>>>

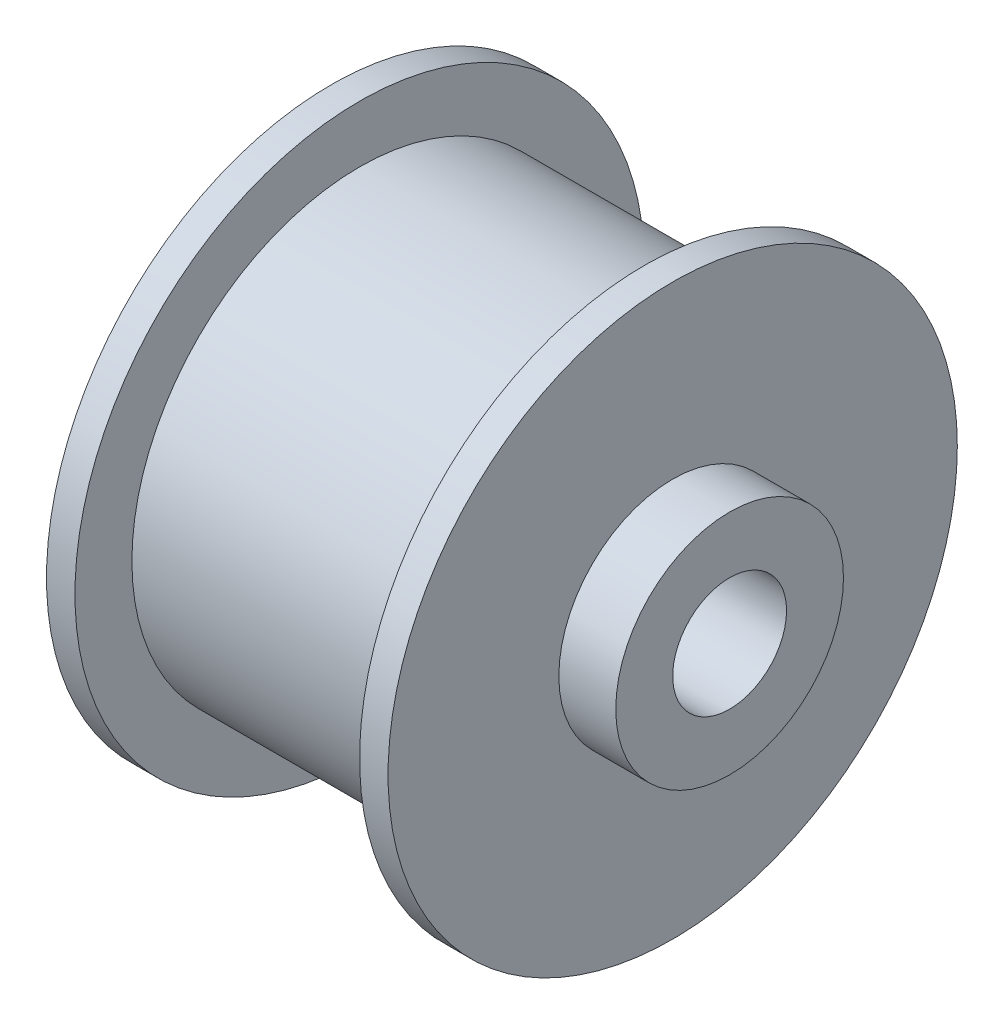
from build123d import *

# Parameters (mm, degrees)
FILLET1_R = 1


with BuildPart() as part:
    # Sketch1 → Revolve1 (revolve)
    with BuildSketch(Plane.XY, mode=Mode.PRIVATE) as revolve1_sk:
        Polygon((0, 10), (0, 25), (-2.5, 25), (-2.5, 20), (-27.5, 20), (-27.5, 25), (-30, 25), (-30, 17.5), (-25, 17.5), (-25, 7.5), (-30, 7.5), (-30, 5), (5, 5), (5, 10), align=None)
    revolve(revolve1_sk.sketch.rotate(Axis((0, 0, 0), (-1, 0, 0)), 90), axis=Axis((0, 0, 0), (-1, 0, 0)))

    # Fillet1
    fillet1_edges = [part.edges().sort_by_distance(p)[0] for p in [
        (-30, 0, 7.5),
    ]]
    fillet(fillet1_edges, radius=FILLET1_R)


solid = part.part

<<<

- [Work order]
Gather each line in these records that contains the string "part".

- [Response to the exercise]
with BuildPart() as part:
    fillet1_edges = [part.edges().sort_by_distance(p)[0] for p in [
solid = part.part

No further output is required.